After applying the anomaly detection model to each site individually, permutation testing was utilized to discern if the increase in the number of anomalies detected were statistically similar at the three sites. For each site, we calculated the area underneath an ROC curve obtained by plotting the false positive rate versus different anomaly detection cutoff p values for the control participants. False positive rates above 25% were ignored because we judged that false positive rate above 25% are not clinically tolerable. Then under the null hypothesis, we expected there to be very little difference in the spread of these ROC statistics if the site label (i.e., BIDMC, Bangalore, Bhopal) for each control participant was randomly permuted. Permuting the control participants allowed us to test both the exchangeability of the site label as well as how equal the effect magnitude is across the three sites. After randomly sampling 1000 permutations, the proportion of permutations with a more extreme spread than the observed spread was the chosen p-value.

### Changepoint detection

Changepoint detection was used as supplementary experimental analysis to explore if passive data could be used as a predictor of symptom change. Independently, the package sdt-python was used to analyze each participant’s passive data by implementing the PELT changepoint detection algorithm with an L2 cost function33. For each passive data stream and each participant, this algorithm gave a list of days on which the relevant participant exhibited statistical changepoints in the relevant passive data stream.

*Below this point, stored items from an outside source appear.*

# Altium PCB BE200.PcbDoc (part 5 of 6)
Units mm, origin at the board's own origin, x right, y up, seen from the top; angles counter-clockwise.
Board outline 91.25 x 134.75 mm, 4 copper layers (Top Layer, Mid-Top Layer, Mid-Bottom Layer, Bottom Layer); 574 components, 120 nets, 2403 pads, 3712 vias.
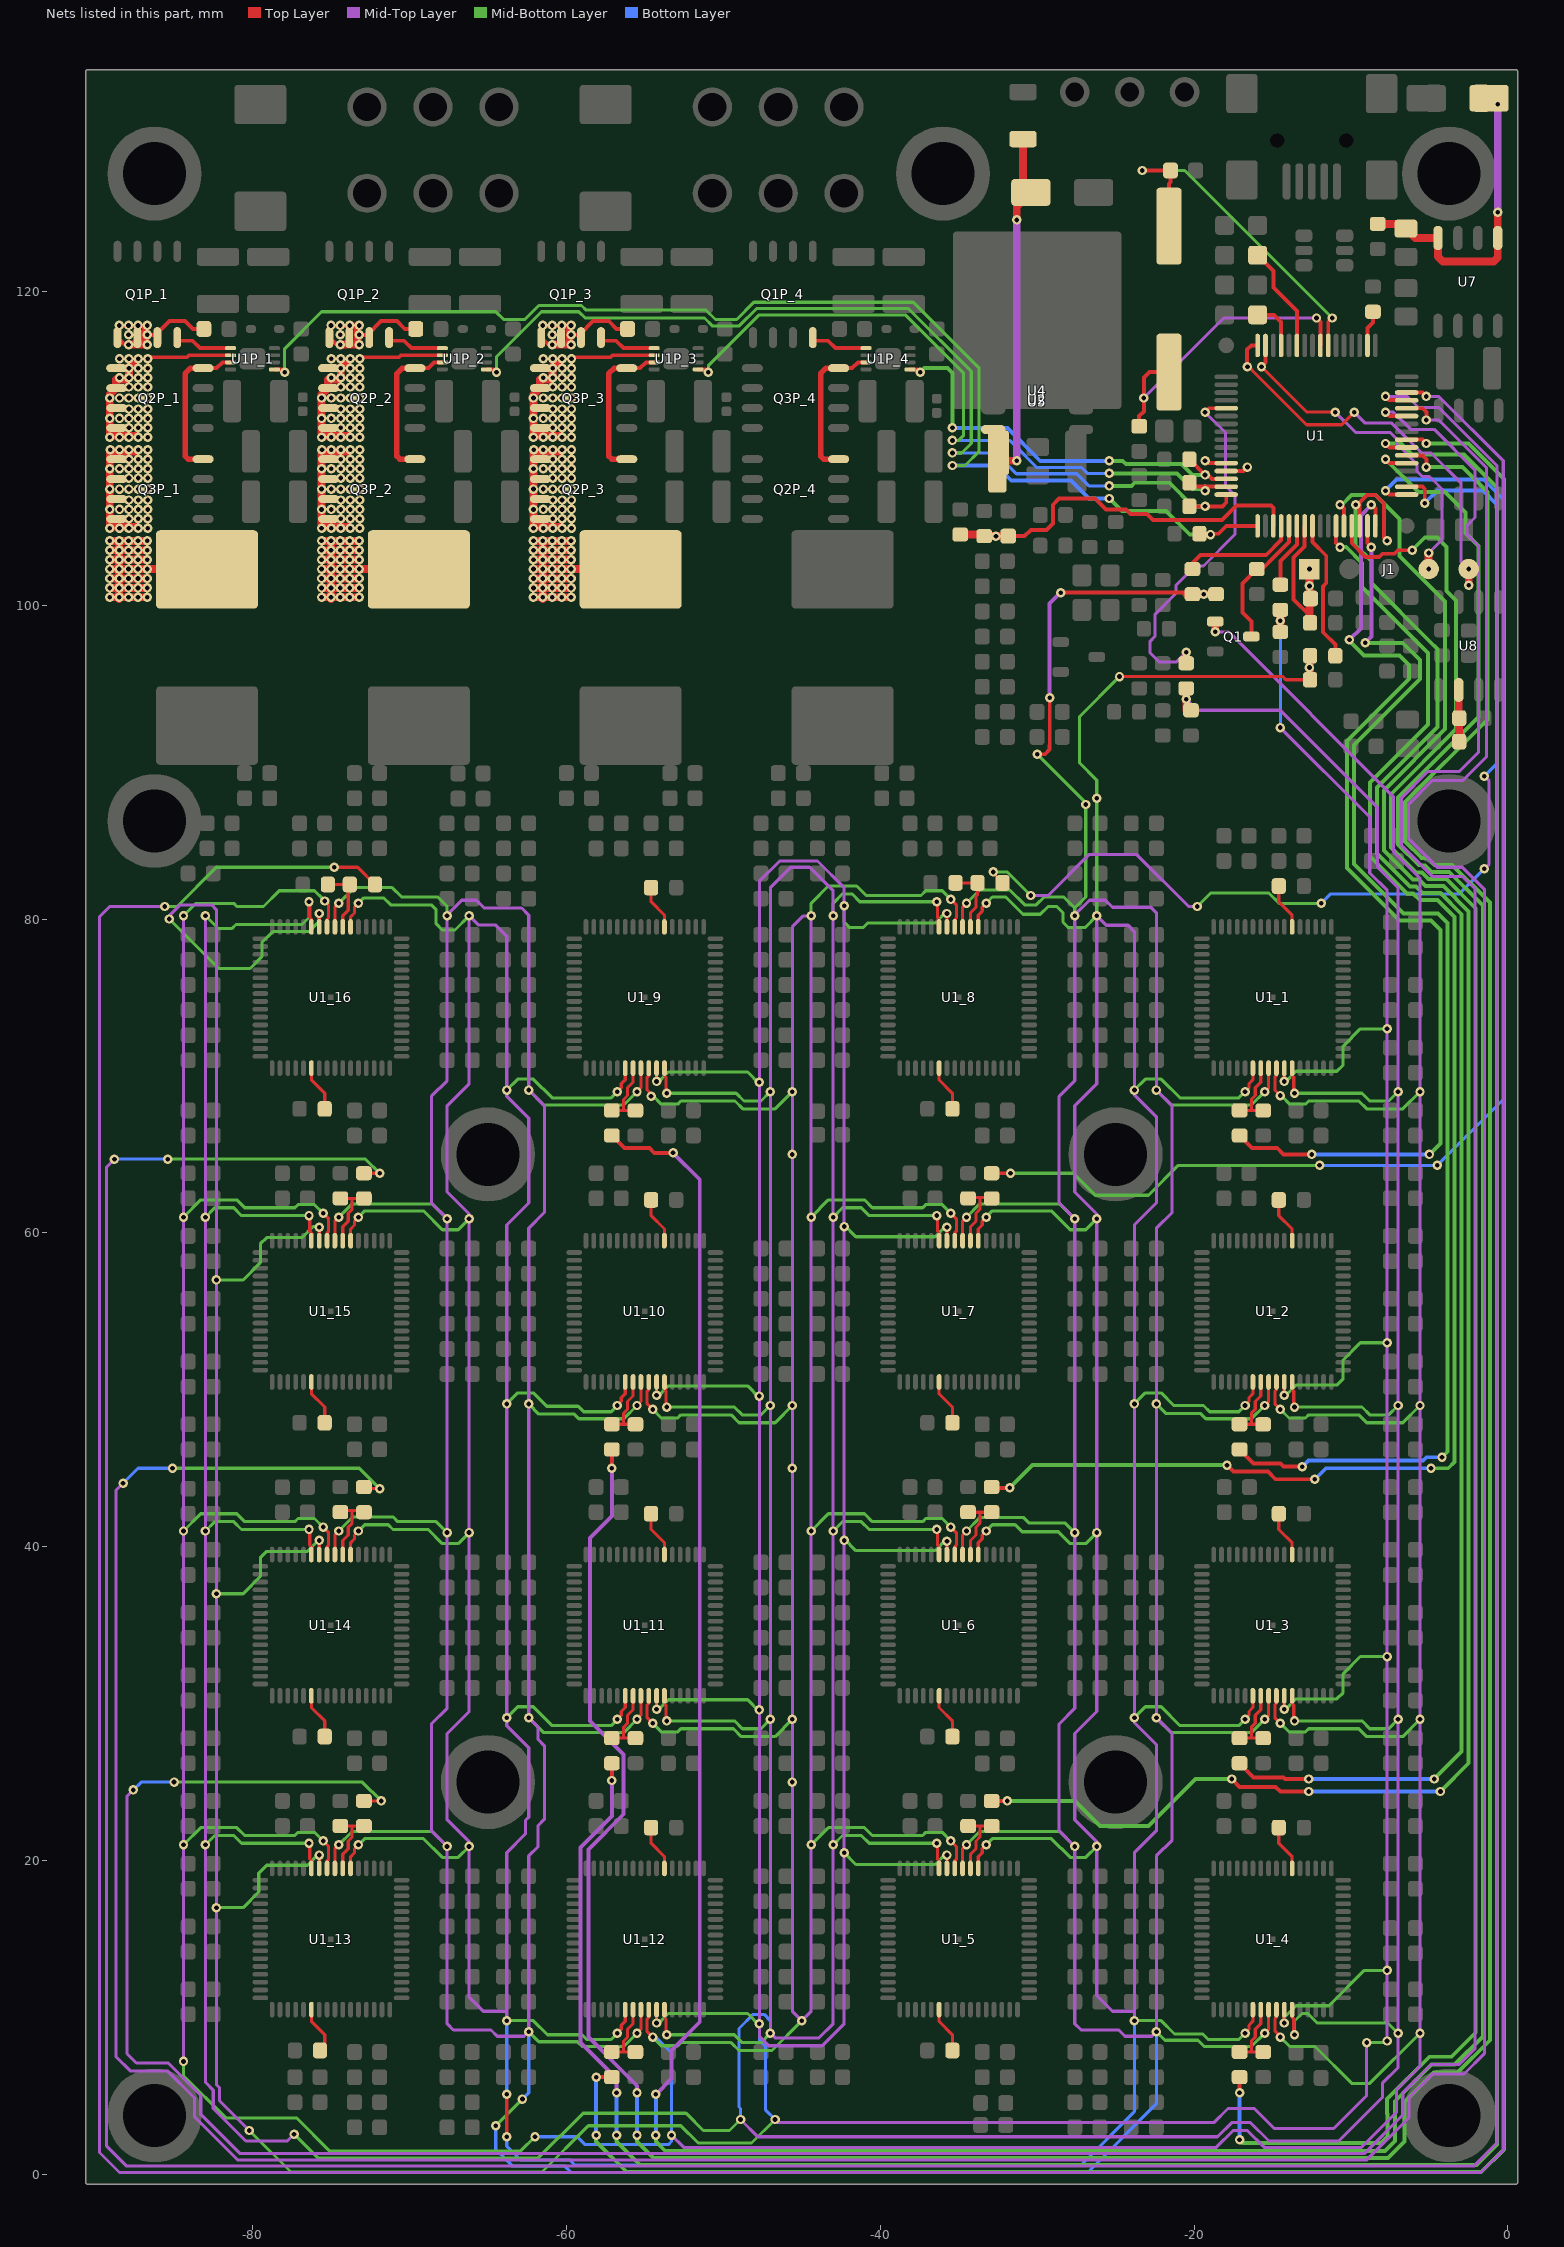
[diagram p7: the nets of this part, all layers, seen from the top]

## Via types
v1: diameter 0.6, hole 0.3, Top Layer to Bottom Layer, tented both sides, 3679 vias
v2: diameter 0.6/0.6/0.6/0.6 (per signal layer), hole 0.3, Top Layer to Bottom Layer, 33 vias

## Nets (pads, with @x,y where several pads share a name; then routed paths per layer and width w, separated by ;. In a path a pad name is that pad's centre, name@x,y a point inside that pad or via, vN(x,y) a via of type N, cw(c..) or ccw(c..) an arc to the next point about the centre after c; other vN are vias at no path point) (continued)
HARD_ZERO: R65.1 R66.2 U1_1.43 U1_2.43 U1_3.43 U1_4.43 U1_5.43 U1_6.43 U1_7.43 U1_8.43 U1_9.43 U1_10.43 U1_11.43 U1_12.43 U1_13.43 U1_14.43 U1_15.43 U1_16.43 | length 562.9
  Top Layer w0.2: v1(-76.4,21.1) -76.35,21.05 -76.35,20.1 -76.25,20 U1_13.43@-76.25,19.5 ; v1(-76.4,41.1) -76.35,41.05 -76.35,40.1 -76.25,40 U1_14.43@-76.25,39.5 ; v1(-76.4,61.1) -76.35,61.05 -76.35,60.101 -76.25,60.001 U1_15.43@-76.25,59.5 ; v1(-76.4,81.1) -76.35,81.05 -76.35,80.1 -76.25,80 U1_16.43@-76.25,79.5 ; U1_12.43@-53.75,10.5 -53.75,10 -53.65,9.9 -53.65,8.95 v1(-53.6,8.9) ; U1_11.43@-53.75,30.5 -53.75,30.014 -53.65,29.914 -53.65,28.95 v1(-53.6,28.9) ; U1_10.43@-53.75,50.5 -53.7,50.45 -53.7,49.964 -53.65,49.914 -53.65,48.95 v1(-53.6,48.9) ; U1_9.43@-53.75,70.5 -53.75,70.014 -53.65,69.914 -53.65,68.95 v1(-53.6,68.9) ; v1(-36.4,21.1) -36.35,21.05 -36.35,20.086 -36.25,19.986 U1_5.43@-36.25,19.5 ; v1(-36.4,41.1) -36.35,41.05 -36.35,40.086 -36.25,39.986 U1_6.43@-36.25,39.5 ; v1(-36.4,61.1) -36.35,61.05 -36.35,60.086 -36.25,59.986 U1_7.43@-36.25,59.5 ; v1(-36.4,81.1) -36.35,81.05 -36.35,80.086 -36.3,80.036 -36.3,79.55 U1_8.43@-36.25,79.5 ; U1_4.43@-13.75,10.5 -13.75,10.014 -13.65,9.914 -13.65,8.95 v1(-13.6,8.9) ; U1_3.43@-13.75,30.5 -13.75,30 -13.65,29.9 -13.65,28.95 v1(-13.6,28.9) ; U1_2.43@-13.75,50.5 -13.75,50.014 -13.65,49.914 -13.65,48.95 v1(-13.6,48.9) ; U1_1.43@-13.75,70.5 -13.75,70.014 -13.65,69.914 -13.65,68.95 v1(-13.6,68.9)
  Top Layer w0.5: R66.2@-20.5,93.3 R65.1@-20.5,94.7
  Mid-Top Layer w0.2: v1(-83,80.2) v1(-83,61) v1(-83,41) v1(-83,21) -83,5.864 -82.5,5.364 -82.5,4.2 -80.425,2.125 -77.775,2.125 v1(-77.35,2.55) ; v1(-48.9,3.5) -47.8,2.4 -18.503,2.4 -17.603,3.3 -16.4,3.3 -15.225,2.125 -10.775,2.125 -8,4.9 -8,5.8 -7,6.8 v1(-7,9) v1(-7,29) v1(-7,49) v1(-7,69) -7,82 -8.3,83.3 -8.3,87.1 -14.5,93.3 -19.8,93.3 v1(-20.5,94) ; v1(-47,9) v1(-47,29) v1(-47,49) v1(-47,69) -47,82 -45.7,83.3 -44.5,83.3 -43,81.8 v1(-43,80.2) v1(-43,61) v1(-43,41) v1(-43,21) -43,9.6 -43.9,8.7 -46.7,8.7 v1(-47,9)
  Mid-Bottom Layer w0.2: v1(-83,21) -82.4,21.6 -81.2,21.6 -80.7,21.1 v1(-76.4,21.1) ; v1(-83,41) -82.4,41.6 -81.2,41.6 -80.7,41.1 v1(-76.4,41.1) ; v1(-83,61) -82.4,61.6 -81.2,61.6 -80.7,61.1 v1(-76.4,61.1) ; v1(-83,80.2) -82.2,79.4 -81.3,79.4 -81.05,79.65 -76.85,79.65 -76.4,80.1 v1(-76.4,81.1) ; v1(-77.35,2.55) -75.85,1.05 -61.781,1.05 -58.931,3.9 -52.369,3.9 -51.269,2.8 -49.6,2.8 v1(-48.9,3.5) ; v1(-53.6,8.9) -49.3,8.9 -48.8,8.4 -47.6,8.4 v1(-47,9) ; v1(-53.6,28.9) -49.284,28.9 -48.784,28.4 -47.6,28.4 v1(-47,29) ; v1(-53.6,48.9) -49.3,48.9 -48.8,48.4 -47.6,48.4 v1(-47,49) ; v1(-53.6,68.9) -49.184,68.9 -48.684,68.4 -47.6,68.4 v1(-47,69) ; v1(-43,21) -42.4,21.6 -41.2,21.6 -40.7,21.1 v1(-36.4,21.1) ; v1(-43,41) -42.4,41.6 -41.2,41.6 -40.7,41.1 v1(-36.4,41.1) ; v1(-43,61) -42.4,61.6 -41.2,61.6 -40.7,61.1 v1(-36.4,61.1) ; v1(-43,80.2) -43,81 -42.4,81.6 -41.8,81.6 -41.3,81.1 v1(-36.4,81.1) ; v1(-13.6,8.9) -13.6,9.775 -13.125,10.25 -12.75,10.25 -12.15,9.65 -7.65,9.65 v1(-7,9) ; v1(-13.6,28.9) -9.3,28.9 -8.8,28.4 -7.6,28.4 v1(-7,29) ; v1(-13.6,48.9) -9.3,48.9 -8.8,48.4 -7.6,48.4 v1(-7,49) ; v1(-13.6,68.9) -9.3,68.9 -8.8,68.4 -7.6,68.4 v1(-7,69)
  Bottom Layer w0.2: v1@-48.9,3.6 -48.9,4.2 -49,4.3 -49,9.3 -48.1,10.2 -47.4,10.2 -47,9.8 v1(-47,9)
HARD_ZERO_MCU: R65.2 U1.53 | length 23.3
  Top Layer w0.25: -19.05,112.55 U1.53@-17.95,112.55
  Top Layer w0.5: R65.2@-20.5,96.3 v1(-20.5,97)
  Mid-Top Layer w0.2: v1(-20.5,97) -21.125,96.375 -22.225,96.375 -22.8,96.95 -22.8,97.7 -22.5,98 -22.5,99.4 -21.15,100.75 -21.15,101.28 -19.93,102.5 -19.4,102.5 -17.4,104.5 -17.4,107 -18,107.6 -18,111 v1(-19.3,112.3)
HO1: Q1P_1.4 U1P_1.1 | length 3.7
  Top Layer w0.25: Q1P_1.4@-84.795,117.05 -84.595,116.85 -83.834,116.85 -83.359,116.375 U1P_1.1@-81.4,116.375
HO2: Q1P_2.4 U1P_2.1 | length 3.7
  Top Layer w0.25: Q1P_2.4@-71.295,117.05 -71.095,116.85 -70.334,116.85 -69.859,116.375 U1P_2.1@-67.9,116.375
HO3: Q1P_3.4 U1P_3.1 | length 3.7
  Top Layer w0.25: Q1P_3.4@-57.795,117.05 -57.595,116.85 -56.834,116.85 -56.359,116.375 U1P_3.1@-54.4,116.375
HO4: Q1P_4.4 U1P_4.1 | length 3.7
  Top Layer w0.25: Q1P_4.4@-44.295,117.05 -44.095,116.85 -43.334,116.85 -42.859,116.375 U1P_4.1@-40.9,116.375
LDO5.0V: C15.1 D7.2 D8.1 R25.1 R26.2 U7.5 U7.8 | length 20.4
  Top Layer w0.5: R25.1@-8.3,124.3 -6.8,124.3 C15.1@-6.5,124 -5.9,123.4 U7.8@-4.455,123.4 -4.455,122.209 -4.146,121.9 ; -3.45,121.9 -4.146,121.9 ; R26.2@-1.7,132.3 D7.2@-1.2,132.3 ; v1(-0.645,125.03) U7.5@-0.645,123.4 -0.645,122.155 -0.9,121.9 -4.146,121.9
  Mid-Top Layer w0.5: v1(-0.645,125.03) v1(-0.645,131.93)
LM12V: D9.1 R28.1 U2.8 U4.1 U5.1 | length 22.3
  Top Layer w0.5: U4.1@-32.54,109.15 -32.49,109.2 v1(-31.3,109.2) ; v1(-31.3,124.55) -31.3,125.4 D9.1@-30.4,126.3 -30.9,126.8 R28.1@-30.9,129.7
  Mid-Top Layer w0.5: v1(-31.3,109.2) v1(-31.3,124.55)
LO1: Q2P_1.4 Q3P_1.4 U1P_1.3 | length 9.7
  Top Layer w0.25: Q2P_1.4@-83.15,115.105 -82.295,115.105 -81.925,115.475 U1P_1.3@-81.4,115.475
  Top Layer w0.35: Q3P_1.4@-83.15,109.305 -84.105,109.305 -84.3,109.5 -84.3,114.75 -83.945,115.105 Q2P_1.4@-83.15,115.105
LO2: Q2P_2.4 Q3P_2.4 U1P_2.3 | length 9.7
  Top Layer w0.25: Q2P_2.4@-69.65,115.105 -68.795,115.105 -68.425,115.475 U1P_2.3@-67.9,115.475
  Top Layer w0.35: Q3P_2.4@-69.65,109.305 -70.605,109.305 -70.8,109.5 -70.8,114.75 -70.445,115.105 Q2P_2.4@-69.65,115.105
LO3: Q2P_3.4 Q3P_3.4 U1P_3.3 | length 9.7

Finally, using the Python pandas function pandas.DataFrame.corr, Pearson correlation coefficients were calculated to determine if survey scores were correlated to the presence of a passive data changepoint within 10 days of the relevant questionnaire. The scipy.stats.pearsonr method was used to calculate the associated p values.

## Conclusion

This study supports the feasibility of utilizing smartphone-based anomaly detection to predict schizophrenia relapse in patients across multiple study sites in the United States and India. Furthermore, our results illustrate that using both passive and active data streams provides for more robust prediction models. However, future research must be conducted to elucidate how anomaly detection models can be integrated effectively into clinical care.